Only one span belongs in the answer: the line holding "[SCHEDULE:COMPACT]" through the last line of the entries below, retyped exactly.

- [Extracted records]

______

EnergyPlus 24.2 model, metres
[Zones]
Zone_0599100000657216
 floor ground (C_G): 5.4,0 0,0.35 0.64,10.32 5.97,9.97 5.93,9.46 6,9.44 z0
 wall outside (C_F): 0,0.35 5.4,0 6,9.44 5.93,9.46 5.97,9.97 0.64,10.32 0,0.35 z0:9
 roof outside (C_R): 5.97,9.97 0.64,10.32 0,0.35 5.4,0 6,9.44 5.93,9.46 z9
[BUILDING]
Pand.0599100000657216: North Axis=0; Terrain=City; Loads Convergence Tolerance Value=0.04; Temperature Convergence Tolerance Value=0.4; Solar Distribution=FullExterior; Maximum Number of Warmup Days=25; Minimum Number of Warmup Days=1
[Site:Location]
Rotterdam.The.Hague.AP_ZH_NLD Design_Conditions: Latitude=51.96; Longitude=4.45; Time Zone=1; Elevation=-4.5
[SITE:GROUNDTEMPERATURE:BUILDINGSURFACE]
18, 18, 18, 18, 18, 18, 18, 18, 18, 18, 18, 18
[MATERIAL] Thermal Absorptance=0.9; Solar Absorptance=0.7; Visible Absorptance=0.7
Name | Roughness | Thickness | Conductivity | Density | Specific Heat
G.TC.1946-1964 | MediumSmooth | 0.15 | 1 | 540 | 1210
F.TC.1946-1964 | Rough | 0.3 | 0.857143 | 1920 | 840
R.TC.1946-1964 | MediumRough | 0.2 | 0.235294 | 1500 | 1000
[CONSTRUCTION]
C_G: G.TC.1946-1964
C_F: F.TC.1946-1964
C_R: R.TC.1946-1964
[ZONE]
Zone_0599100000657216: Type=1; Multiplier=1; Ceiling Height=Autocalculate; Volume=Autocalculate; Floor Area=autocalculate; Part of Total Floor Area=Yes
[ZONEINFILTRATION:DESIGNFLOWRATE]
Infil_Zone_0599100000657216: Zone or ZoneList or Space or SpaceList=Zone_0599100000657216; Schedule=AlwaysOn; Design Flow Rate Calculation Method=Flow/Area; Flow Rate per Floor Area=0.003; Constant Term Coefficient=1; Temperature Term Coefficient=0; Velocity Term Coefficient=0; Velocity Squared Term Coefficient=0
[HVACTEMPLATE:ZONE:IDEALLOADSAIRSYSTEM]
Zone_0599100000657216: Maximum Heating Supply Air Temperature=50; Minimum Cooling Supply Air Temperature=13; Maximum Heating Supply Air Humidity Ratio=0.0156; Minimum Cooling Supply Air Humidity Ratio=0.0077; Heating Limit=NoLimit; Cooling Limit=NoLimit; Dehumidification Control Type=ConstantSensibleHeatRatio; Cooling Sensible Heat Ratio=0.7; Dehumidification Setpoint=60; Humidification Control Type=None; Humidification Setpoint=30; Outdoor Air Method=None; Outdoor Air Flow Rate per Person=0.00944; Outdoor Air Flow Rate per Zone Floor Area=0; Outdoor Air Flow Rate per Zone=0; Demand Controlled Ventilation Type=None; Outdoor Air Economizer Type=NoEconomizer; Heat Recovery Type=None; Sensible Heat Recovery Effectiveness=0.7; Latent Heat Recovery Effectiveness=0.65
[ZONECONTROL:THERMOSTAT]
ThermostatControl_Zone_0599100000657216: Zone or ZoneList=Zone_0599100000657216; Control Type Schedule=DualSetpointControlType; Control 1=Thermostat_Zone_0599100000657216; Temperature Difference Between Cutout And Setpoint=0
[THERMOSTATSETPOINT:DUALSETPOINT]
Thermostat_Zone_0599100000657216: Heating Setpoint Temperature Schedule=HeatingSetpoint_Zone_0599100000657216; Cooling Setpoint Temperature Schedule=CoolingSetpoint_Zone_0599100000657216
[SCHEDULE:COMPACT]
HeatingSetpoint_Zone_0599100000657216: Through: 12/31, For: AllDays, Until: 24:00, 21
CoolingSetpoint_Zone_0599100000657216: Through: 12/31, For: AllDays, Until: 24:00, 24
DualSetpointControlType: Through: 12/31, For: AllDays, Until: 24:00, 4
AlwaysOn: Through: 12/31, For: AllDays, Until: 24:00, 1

______

- [Answer space]
[SCHEDULE:COMPACT]
HeatingSetpoint_Zone_0599100000657216: Through: 12/31, For: AllDays, Until: 24:00, 21
CoolingSetpoint_Zone_0599100000657216: Through: 12/31, For: AllDays, Until: 24:00, 24
DualSetpointControlType: Through: 12/31, For: AllDays, Until: 24:00, 4
AlwaysOn: Through: 12/31, For: AllDays, Until: 24:00, 1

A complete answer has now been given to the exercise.